2020年10月法話『再び「三密」について』

2020年09月20日

2016.9月 撮影

再び「三密」について

 

ありがたくうれしいことがあった。

私は数年前からケイタイでも見ることができる「千妙寺公式ページ」を作り、そこに法話を掲載しているが、はりきって載せたのではない。

(私の法話なんかだれも関心を示しはしない。それでもやろう。自分自身のなまけ予防のために)

 そんな思いではじめたことだから、多くを期待したわけではない。ところが、最近何んと大阪在住のお方からお電話を頂いた。

 まったくびっくりした。

 話はこうだ。

 私は六月の法話でコロナ予防のために三密にならないようにと知事たちが市民に呼び掛けているのを知り、三密なら意味はちがうが、密教の教えではないか、ならば、ことの序でに「密教の三密」を知ってもらおうと思い、六月の法話で取り上げた。これについて、大阪のお方からのご質問は

「密教といえば真言宗の空海ですが、天台宗でも『三密』の教えがあるのですか」

ということだった。

 これについて次のようにお答えした。

 密教の中心的思想は「わが身そのままで仏の身になれる」という即身成仏を説く教えです。

 その方法は、身口意の三業を仏の三密に転ずることであります。

 私たちが日常過ごしている生き方を分析してみますと、身体の各所を使って行動(身業)し、口でしゃべり(口業)、心で思う(意業)。この三つの働きによって生きているのです。

それを三業といっています。

 この三業に対して三密とは、

 (身密)手を使って秘密の印(仏さまの所作)を結び、仏さまの身体を身に着ける。

 (口密)口で真言(仏さまを表す言語)を唱える

 (意密)心に仏さまのお姿を思い描くこと、

これを三密というのですが、口で真言を唱え、手で印を結び、瞑想して仏を観念することです。この行によって私たちの日常の三業を三密に転じていくのが密教の修行方法です。

三業を三密に転じていくには私たちだけの行では成就できません、私たちは力不足ですから、仏さまからの大いなる慈悲の力が加わってはじめて成し遂げることができるのです。これを「加持」といいます。

さてここで、ひとつ問題があります。

たとえ話をします。

ここに鏡があるとします。透き通るようにきれいな鏡です。これならば、ものを正しく映すことができます。ところが、その鏡が歪んでいたり、汚れていたとしたらどうでしょう。当然ありのままには映りません。それは映す対象のせいでしょうか、鏡のせいでしょうか。もちろん、歪んだり汚れたりする鏡がいけないのです。ならば、汚れを落としたり、歪みを正したりすればよいですね。それが三密の役割なのです。

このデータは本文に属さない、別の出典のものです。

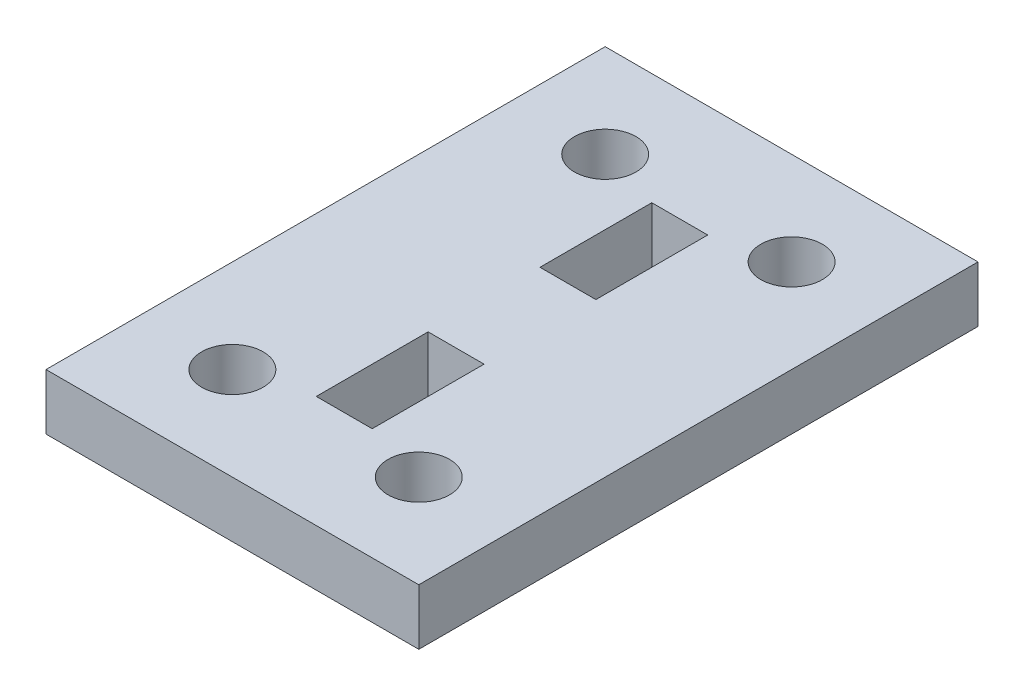
ISO-10303-21;
HEADER;
FILE_DESCRIPTION(('STEP AP214'),'2;1');
FILE_NAME('part.step','',(''),(''),'','','');
FILE_SCHEMA(('AUTOMOTIVE_DESIGN { 1 0 10303 214 1 1 1 1 }'));
ENDSEC;
DATA;
#1=APPLICATION_CONTEXT('core data for automotive mechanical design processes');
#2=APPLICATION_PROTOCOL_DEFINITION('international standard','automotive_design',2000,#1);
#3=PRODUCT_CONTEXT('',#1,'mechanical');
#4=PRODUCT('Part','Part','',(#3));
#5=PRODUCT_RELATED_PRODUCT_CATEGORY('part','',(#4));
#6=PRODUCT_DEFINITION_FORMATION('','',#4);
#7=PRODUCT_DEFINITION_CONTEXT('part definition',#1,'design');
#8=PRODUCT_DEFINITION('design','',#6,#7);
#9=PRODUCT_DEFINITION_SHAPE('','',#8);
#10=(LENGTH_UNIT() NAMED_UNIT(*) SI_UNIT(.MILLI.,.METRE.));
#11=(NAMED_UNIT(*) PLANE_ANGLE_UNIT() SI_UNIT($,.RADIAN.));
#12=(NAMED_UNIT(*) SI_UNIT($,.STERADIAN.) SOLID_ANGLE_UNIT());
#13=UNCERTAINTY_MEASURE_WITH_UNIT(LENGTH_MEASURE(1.E-05),#10,'distance_accuracy_value','');
#14=(GEOMETRIC_REPRESENTATION_CONTEXT(3) GLOBAL_UNCERTAINTY_ASSIGNED_CONTEXT((#13)) GLOBAL_UNIT_ASSIGNED_CONTEXT((#10,
#11,#12)) REPRESENTATION_CONTEXT('',''));
#15=CARTESIAN_POINT('',(0.,0.,0.));
#16=DIRECTION('',(0.,0.,1.));
#17=DIRECTION('',(1.,0.,0.));
#18=AXIS2_PLACEMENT_3D('',#15,#16,#17);
#19=CARTESIAN_POINT('',(0.,3.,0.));
#20=DIRECTION('',(0.,1.,0.));
#21=DIRECTION('',(0.,0.,1.));
#22=AXIS2_PLACEMENT_3D('',#19,#20,#21);
#23=PLANE('',#22);
#24=CARTESIAN_POINT('',(5.,3.,-10.));
#25=DIRECTION('',(0.,1.,0.));
#26=DIRECTION('',(0.,0.,1.));
#27=AXIS2_PLACEMENT_3D('',#24,#25,#26);
#28=CIRCLE('',#27,1.65);
#29=CARTESIAN_POINT('',(5.,3.,-8.35));
#30=VERTEX_POINT('',#29);
#31=EDGE_CURVE('E164',#30,#30,#28,.T.);
#32=ORIENTED_EDGE('',*,*,#31,.F.);
#33=EDGE_LOOP('',(#32));
#34=FACE_BOUND('',#33,.T.);
#35=CARTESIAN_POINT('',(-4.99999999999999,3.,10.));
#36=DIRECTION('',(0.,1.,0.));
#37=DIRECTION('',(0.,0.,1.));
#38=AXIS2_PLACEMENT_3D('',#35,#36,#37);
#39=CIRCLE('',#38,1.65);
#40=CARTESIAN_POINT('',(-4.99999999999999,3.,11.65));
#41=VERTEX_POINT('',#40);
#42=EDGE_CURVE('E207',#41,#41,#39,.T.);
#43=ORIENTED_EDGE('',*,*,#42,.F.);
#44=EDGE_LOOP('',(#43));
#45=FACE_BOUND('',#44,.T.);
#46=DIRECTION('',(0.,0.,1.));
#47=VECTOR('',#46,1.);
#48=CARTESIAN_POINT('',(-9.99999999999999,3.,15.));
#49=LINE('',#48,#47);
#50=CARTESIAN_POINT('',(-9.99999999999999,3.,-15.));
#51=VERTEX_POINT('',#50);
#52=CARTESIAN_POINT('',(-9.99999999999999,3.,15.));
#53=VERTEX_POINT('',#52);
#54=EDGE_CURVE('E213',#51,#53,#49,.T.);
#55=ORIENTED_EDGE('',*,*,#54,.T.);
#56=DIRECTION('',(1.,0.,0.));
#57=VECTOR('',#56,1.);
#58=CARTESIAN_POINT('',(10.,3.,15.));
#59=LINE('',#58,#57);
#60=CARTESIAN_POINT('',(10.,3.,15.));
#61=VERTEX_POINT('',#60);
#62=EDGE_CURVE('E216',#53,#61,#59,.T.);
#63=ORIENTED_EDGE('',*,*,#62,.T.);
#64=DIRECTION('',(0.,0.,-1.));
#65=VECTOR('',#64,1.);
#66=CARTESIAN_POINT('',(10.,3.,15.));
#67=LINE('',#66,#65);
#68=CARTESIAN_POINT('',(10.,3.,-15.));
#69=VERTEX_POINT('',#68);
#70=EDGE_CURVE('E219',#61,#69,#67,.T.);
#71=ORIENTED_EDGE('',*,*,#70,.T.);
#72=DIRECTION('',(-1.,0.,0.));
#73=VECTOR('',#72,1.);
#74=CARTESIAN_POINT('',(10.,3.,-15.));
#75=LINE('',#74,#73);
#76=EDGE_CURVE('E221',#69,#51,#75,.T.);
#77=ORIENTED_EDGE('',*,*,#76,.T.);
#78=EDGE_LOOP('',(#55,#63,#71,#77));
#79=FACE_BOUND('',#78,.T.);
#80=CARTESIAN_POINT('',(5.,3.,10.));
#81=DIRECTION('',(0.,1.,0.));
#82=DIRECTION('',(0.,0.,-1.));
#83=AXIS2_PLACEMENT_3D('',#80,#81,#82);
#84=CIRCLE('',#83,1.65);
#85=CARTESIAN_POINT('',(5.,3.,8.35));
#86=VERTEX_POINT('',#85);
#87=EDGE_CURVE('E201',#86,#86,#84,.T.);
#88=ORIENTED_EDGE('',*,*,#87,.F.);
#89=EDGE_LOOP('',(#88));
#90=FACE_BOUND('',#89,.T.);
#91=DIRECTION('',(1.,0.,0.));
#92=VECTOR('',#91,1.);
#93=CARTESIAN_POINT('',(-1.5,3.,9.));
#94=LINE('',#93,#92);
#95=CARTESIAN_POINT('',(-1.5,3.,9.));
#96=VERTEX_POINT('',#95);
#97=CARTESIAN_POINT('',(1.5,3.,9.));
#98=VERTEX_POINT('',#97);
#99=EDGE_CURVE('E172',#96,#98,#94,.T.);
#100=ORIENTED_EDGE('',*,*,#99,.F.);
#101=DIRECTION('',(0.,0.,1.));
#102=VECTOR('',#101,1.);
#103=CARTESIAN_POINT('',(-1.5,3.,9.));
#104=LINE('',#103,#102);
#105=CARTESIAN_POINT('',(-1.5,3.,3.));
#106=VERTEX_POINT('',#105);
#107=EDGE_CURVE('E170',#106,#96,#104,.T.);
#108=ORIENTED_EDGE('',*,*,#107,.F.);
#109=DIRECTION('',(-1.,0.,0.));
#110=VECTOR('',#109,1.);
#111=CARTESIAN_POINT('',(-1.5,3.,3.));
#112=LINE('',#111,#110);
#113=CARTESIAN_POINT('',(1.5,3.,3.));
#114=VERTEX_POINT('',#113);
#115=EDGE_CURVE('E178',#114,#106,#112,.T.);
#116=ORIENTED_EDGE('',*,*,#115,.F.);
#117=DIRECTION('',(0.,0.,-1.));
#118=VECTOR('',#117,1.);
#119=CARTESIAN_POINT('',(1.5,3.,9.));
#120=LINE('',#119,#118);
#121=EDGE_CURVE('E175',#98,#114,#120,.T.);
#122=ORIENTED_EDGE('',*,*,#121,.F.);
#123=EDGE_LOOP('',(#100,#108,#116,#122));
#124=FACE_BOUND('',#123,.T.);
#125=CARTESIAN_POINT('',(-5.,3.,-10.));
#126=DIRECTION('',(0.,1.,0.));
#127=DIRECTION('',(0.,0.,-1.));
#128=AXIS2_PLACEMENT_3D('',#125,#126,#127);
#129=CIRCLE('',#128,1.65);
#130=CARTESIAN_POINT('',(-5.,3.,-11.65));
#131=VERTEX_POINT('',#130);
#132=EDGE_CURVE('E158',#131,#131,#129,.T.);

さらにもうひとつ見ておかねばならないことがあります。

それは、鏡にはありのままにものを映す要素を備えているということです。その要素があるから汚れや歪みを正すことができるのです。

つまり、私たちにはすでに仏に成れる要素を備えているという意味でもあります。

このことを主張したのが「天台本覚思想」であります。

私たちは、だれでもが仏心を保持していることを忘れてはなりません。

さらに、この三密を現代に生きるわたしたちは社会に向かってどのように生かしたらよいのでしょうか。

社会の中にあって三密を生かすには、ちょっとだけ仏さまになった気持ちを持つことが大切だと思います。